▶ EXERCISE INSTRUCTIONS: Where does "Delay" appear in the data? Return each line that holds it.

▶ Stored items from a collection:
^^^^^^^^^^^^^^^^
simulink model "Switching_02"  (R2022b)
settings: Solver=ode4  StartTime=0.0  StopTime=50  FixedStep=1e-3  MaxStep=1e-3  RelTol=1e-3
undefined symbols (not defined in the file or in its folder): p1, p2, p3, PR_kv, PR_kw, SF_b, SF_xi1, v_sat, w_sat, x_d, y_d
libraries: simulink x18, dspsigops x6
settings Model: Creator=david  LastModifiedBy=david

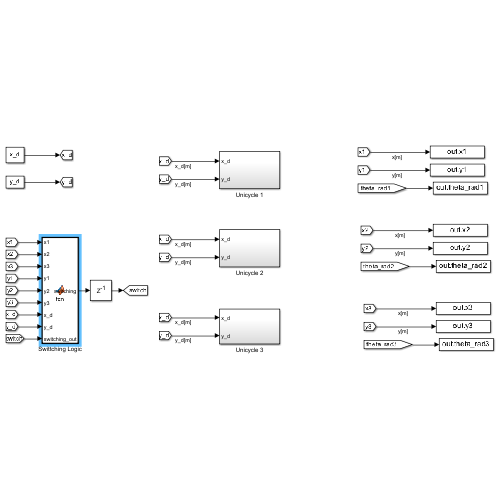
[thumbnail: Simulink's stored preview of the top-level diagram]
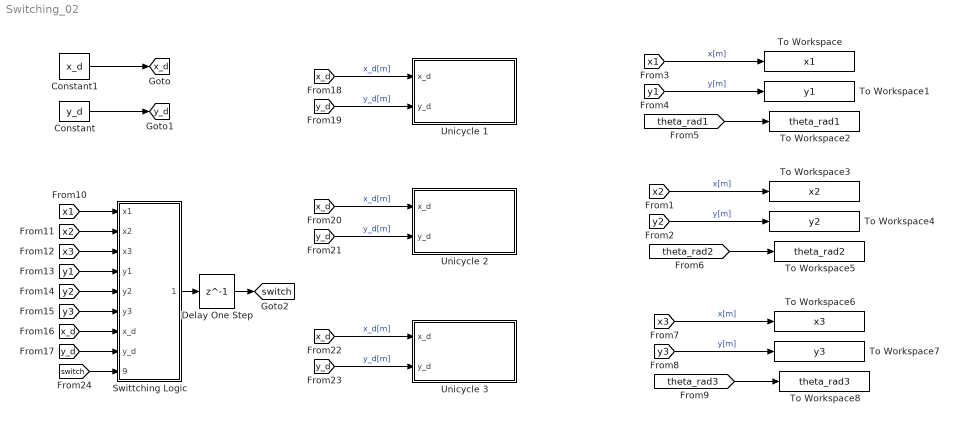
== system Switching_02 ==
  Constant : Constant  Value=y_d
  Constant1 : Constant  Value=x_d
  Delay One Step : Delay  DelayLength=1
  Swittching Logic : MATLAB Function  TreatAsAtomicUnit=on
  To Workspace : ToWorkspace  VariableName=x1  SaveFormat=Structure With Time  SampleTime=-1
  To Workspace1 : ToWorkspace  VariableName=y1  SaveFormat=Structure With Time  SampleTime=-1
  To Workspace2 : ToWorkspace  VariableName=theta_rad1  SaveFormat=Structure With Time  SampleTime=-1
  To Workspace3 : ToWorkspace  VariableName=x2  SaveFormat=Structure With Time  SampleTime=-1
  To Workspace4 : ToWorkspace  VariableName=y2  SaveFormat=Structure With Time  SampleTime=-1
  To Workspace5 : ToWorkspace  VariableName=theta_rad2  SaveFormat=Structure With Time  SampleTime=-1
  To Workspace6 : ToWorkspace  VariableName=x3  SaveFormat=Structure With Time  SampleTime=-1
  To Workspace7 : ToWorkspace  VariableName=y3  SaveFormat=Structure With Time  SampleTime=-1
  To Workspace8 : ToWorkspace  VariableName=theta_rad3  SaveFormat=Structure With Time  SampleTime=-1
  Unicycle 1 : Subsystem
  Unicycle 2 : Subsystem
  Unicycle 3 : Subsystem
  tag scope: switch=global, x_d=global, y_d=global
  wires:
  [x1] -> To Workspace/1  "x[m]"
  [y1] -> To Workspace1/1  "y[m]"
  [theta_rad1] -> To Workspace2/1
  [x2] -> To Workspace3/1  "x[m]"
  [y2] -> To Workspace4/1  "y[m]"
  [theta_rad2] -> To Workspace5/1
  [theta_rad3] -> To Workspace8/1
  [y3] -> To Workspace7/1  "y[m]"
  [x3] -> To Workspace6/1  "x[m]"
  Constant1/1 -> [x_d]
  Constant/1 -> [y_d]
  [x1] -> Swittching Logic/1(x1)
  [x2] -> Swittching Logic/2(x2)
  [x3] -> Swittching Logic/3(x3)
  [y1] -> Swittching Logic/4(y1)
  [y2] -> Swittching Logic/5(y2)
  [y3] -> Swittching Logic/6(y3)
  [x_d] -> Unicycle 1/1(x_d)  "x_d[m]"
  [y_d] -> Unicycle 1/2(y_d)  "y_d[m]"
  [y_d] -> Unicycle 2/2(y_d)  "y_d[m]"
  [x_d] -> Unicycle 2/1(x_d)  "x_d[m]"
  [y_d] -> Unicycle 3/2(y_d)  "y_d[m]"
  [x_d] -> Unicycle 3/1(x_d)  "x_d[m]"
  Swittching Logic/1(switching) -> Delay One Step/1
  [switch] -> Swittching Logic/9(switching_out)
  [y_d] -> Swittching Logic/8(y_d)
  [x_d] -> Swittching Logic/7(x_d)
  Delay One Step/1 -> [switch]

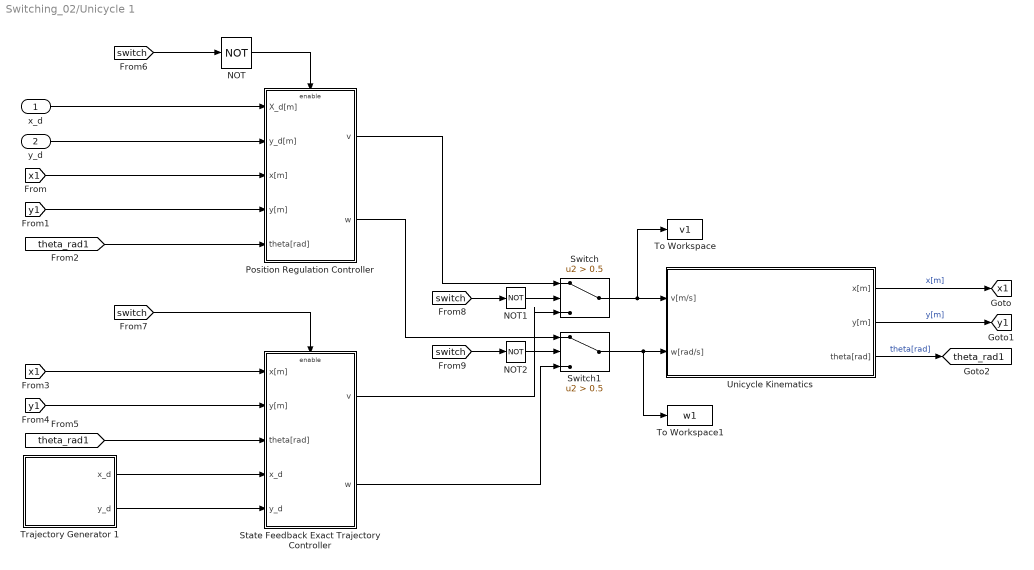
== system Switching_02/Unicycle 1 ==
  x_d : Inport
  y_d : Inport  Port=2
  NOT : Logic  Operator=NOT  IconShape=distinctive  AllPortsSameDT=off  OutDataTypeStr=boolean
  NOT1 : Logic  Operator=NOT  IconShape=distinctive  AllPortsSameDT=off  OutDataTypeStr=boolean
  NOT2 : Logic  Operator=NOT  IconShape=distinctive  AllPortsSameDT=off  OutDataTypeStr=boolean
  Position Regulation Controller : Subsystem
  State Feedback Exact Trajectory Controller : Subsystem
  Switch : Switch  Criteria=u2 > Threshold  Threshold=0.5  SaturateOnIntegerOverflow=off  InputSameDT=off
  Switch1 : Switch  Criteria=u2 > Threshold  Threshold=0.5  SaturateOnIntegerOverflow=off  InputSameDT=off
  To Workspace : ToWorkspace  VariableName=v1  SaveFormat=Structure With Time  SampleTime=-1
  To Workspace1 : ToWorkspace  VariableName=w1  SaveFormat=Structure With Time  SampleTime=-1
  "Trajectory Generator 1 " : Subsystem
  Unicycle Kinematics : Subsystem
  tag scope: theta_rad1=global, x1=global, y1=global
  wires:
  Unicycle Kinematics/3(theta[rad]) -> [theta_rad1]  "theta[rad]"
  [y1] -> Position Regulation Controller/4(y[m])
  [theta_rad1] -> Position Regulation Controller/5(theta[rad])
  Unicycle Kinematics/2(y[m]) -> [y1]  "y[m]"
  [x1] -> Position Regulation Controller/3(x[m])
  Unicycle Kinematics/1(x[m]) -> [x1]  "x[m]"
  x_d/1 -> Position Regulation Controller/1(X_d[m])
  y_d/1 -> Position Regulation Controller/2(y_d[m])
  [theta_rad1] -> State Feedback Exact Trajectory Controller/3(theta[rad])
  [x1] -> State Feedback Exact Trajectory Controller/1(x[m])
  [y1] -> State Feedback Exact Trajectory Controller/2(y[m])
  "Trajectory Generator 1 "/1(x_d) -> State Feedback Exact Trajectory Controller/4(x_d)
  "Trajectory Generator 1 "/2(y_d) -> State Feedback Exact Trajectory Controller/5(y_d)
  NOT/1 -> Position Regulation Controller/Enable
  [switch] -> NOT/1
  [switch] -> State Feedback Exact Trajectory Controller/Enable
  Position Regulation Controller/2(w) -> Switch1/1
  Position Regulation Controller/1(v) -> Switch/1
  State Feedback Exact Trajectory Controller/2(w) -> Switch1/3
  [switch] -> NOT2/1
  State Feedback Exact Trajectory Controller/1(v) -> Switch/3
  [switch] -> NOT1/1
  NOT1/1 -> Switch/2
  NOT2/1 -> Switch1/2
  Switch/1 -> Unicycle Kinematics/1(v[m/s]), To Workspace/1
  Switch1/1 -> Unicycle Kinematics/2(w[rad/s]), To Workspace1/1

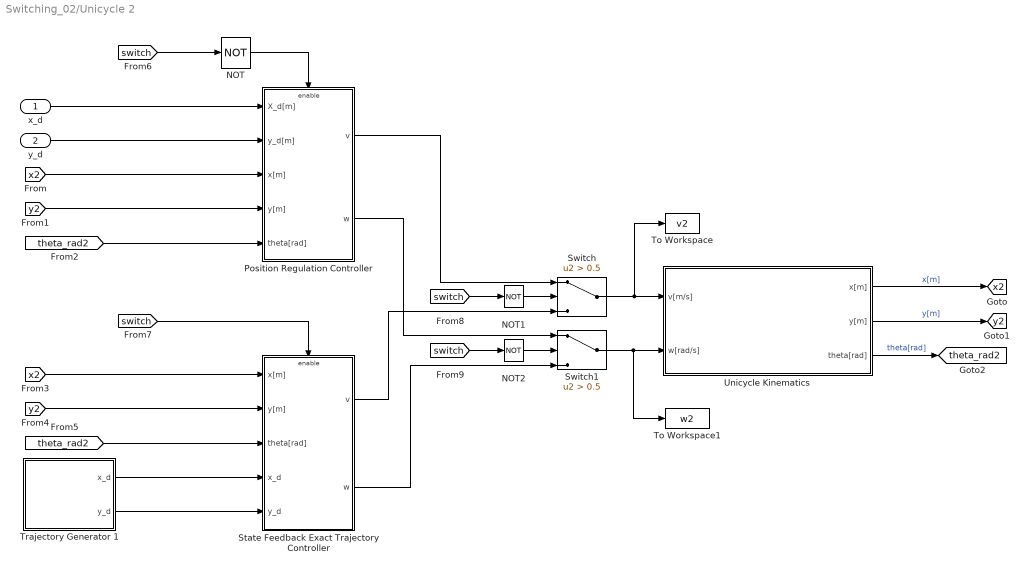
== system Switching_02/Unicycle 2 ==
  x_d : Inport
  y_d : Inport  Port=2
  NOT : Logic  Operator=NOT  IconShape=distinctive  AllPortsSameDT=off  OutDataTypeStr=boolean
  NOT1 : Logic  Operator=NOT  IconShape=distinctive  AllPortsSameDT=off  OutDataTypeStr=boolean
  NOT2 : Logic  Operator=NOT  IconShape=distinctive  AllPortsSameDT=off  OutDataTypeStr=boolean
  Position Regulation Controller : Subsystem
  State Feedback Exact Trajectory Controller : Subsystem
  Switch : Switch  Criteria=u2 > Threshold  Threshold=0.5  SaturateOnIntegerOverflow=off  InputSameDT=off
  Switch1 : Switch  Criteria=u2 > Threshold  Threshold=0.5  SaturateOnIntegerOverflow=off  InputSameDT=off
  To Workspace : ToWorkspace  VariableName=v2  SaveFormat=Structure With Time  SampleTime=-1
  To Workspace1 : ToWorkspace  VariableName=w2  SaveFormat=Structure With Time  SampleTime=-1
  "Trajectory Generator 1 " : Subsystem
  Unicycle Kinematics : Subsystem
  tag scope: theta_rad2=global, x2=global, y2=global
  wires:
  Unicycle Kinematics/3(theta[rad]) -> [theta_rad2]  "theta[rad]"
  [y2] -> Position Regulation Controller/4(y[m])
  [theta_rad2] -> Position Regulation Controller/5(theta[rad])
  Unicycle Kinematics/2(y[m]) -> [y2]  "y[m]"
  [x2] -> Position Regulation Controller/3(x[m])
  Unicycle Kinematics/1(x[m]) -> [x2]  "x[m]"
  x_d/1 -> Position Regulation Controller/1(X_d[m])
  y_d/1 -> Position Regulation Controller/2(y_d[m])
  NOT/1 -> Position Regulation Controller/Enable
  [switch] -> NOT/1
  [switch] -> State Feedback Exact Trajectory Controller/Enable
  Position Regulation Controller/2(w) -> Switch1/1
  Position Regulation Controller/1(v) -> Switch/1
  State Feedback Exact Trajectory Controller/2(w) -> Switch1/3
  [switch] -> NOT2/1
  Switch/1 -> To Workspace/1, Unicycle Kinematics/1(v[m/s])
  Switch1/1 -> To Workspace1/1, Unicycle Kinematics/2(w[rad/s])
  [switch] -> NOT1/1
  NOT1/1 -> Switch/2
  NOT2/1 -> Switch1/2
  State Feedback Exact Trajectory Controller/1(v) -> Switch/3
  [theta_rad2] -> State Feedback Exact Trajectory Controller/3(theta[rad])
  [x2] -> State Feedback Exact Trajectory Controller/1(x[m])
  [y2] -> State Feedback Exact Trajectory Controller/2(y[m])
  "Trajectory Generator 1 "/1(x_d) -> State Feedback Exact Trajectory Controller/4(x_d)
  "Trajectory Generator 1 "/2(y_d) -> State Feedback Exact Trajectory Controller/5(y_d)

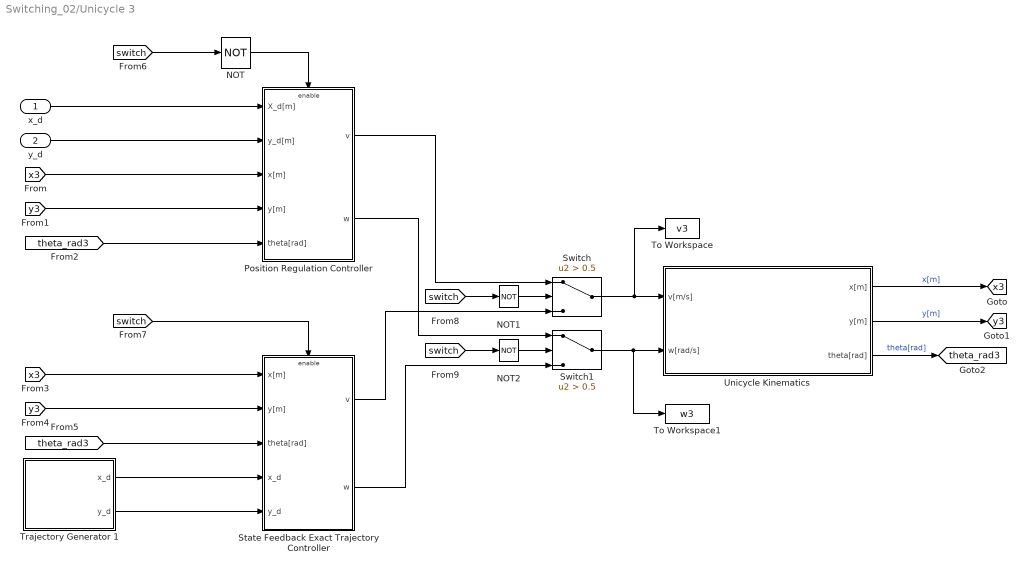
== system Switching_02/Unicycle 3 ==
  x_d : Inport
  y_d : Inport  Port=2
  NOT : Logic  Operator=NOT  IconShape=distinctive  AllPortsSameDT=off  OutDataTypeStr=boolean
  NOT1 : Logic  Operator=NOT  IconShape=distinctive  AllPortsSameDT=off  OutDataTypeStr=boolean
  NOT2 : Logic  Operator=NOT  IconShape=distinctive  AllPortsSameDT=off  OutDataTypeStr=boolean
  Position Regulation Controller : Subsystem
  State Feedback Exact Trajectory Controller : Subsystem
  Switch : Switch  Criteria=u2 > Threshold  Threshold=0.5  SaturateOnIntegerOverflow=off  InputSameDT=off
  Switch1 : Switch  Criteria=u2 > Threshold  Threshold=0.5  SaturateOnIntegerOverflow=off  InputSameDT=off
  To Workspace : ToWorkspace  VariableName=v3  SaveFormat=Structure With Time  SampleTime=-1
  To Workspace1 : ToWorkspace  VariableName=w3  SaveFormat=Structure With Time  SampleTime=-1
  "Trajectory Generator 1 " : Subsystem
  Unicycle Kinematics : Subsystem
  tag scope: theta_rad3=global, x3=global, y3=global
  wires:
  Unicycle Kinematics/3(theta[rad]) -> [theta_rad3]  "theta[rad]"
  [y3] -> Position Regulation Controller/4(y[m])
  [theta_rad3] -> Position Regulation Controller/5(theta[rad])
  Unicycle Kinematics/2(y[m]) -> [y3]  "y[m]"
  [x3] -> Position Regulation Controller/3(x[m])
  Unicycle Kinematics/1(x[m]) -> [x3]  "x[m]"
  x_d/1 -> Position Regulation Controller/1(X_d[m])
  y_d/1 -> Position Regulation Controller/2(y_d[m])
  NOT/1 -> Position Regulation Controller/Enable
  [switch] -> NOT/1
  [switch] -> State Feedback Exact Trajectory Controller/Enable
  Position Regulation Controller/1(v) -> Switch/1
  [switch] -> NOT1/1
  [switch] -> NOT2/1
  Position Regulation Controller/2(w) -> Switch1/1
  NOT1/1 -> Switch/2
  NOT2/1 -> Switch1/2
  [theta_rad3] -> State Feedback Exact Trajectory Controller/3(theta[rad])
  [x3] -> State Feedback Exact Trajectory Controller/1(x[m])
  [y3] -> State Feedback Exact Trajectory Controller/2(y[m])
^^^^^^^^^^^^^^^^
▶ WRITTEN ANSWER:
  Delay One Step : Delay  DelayLength=1
  Swittching Logic/1(switching) -> Delay One Step/1
  Delay One Step/1 -> [switch]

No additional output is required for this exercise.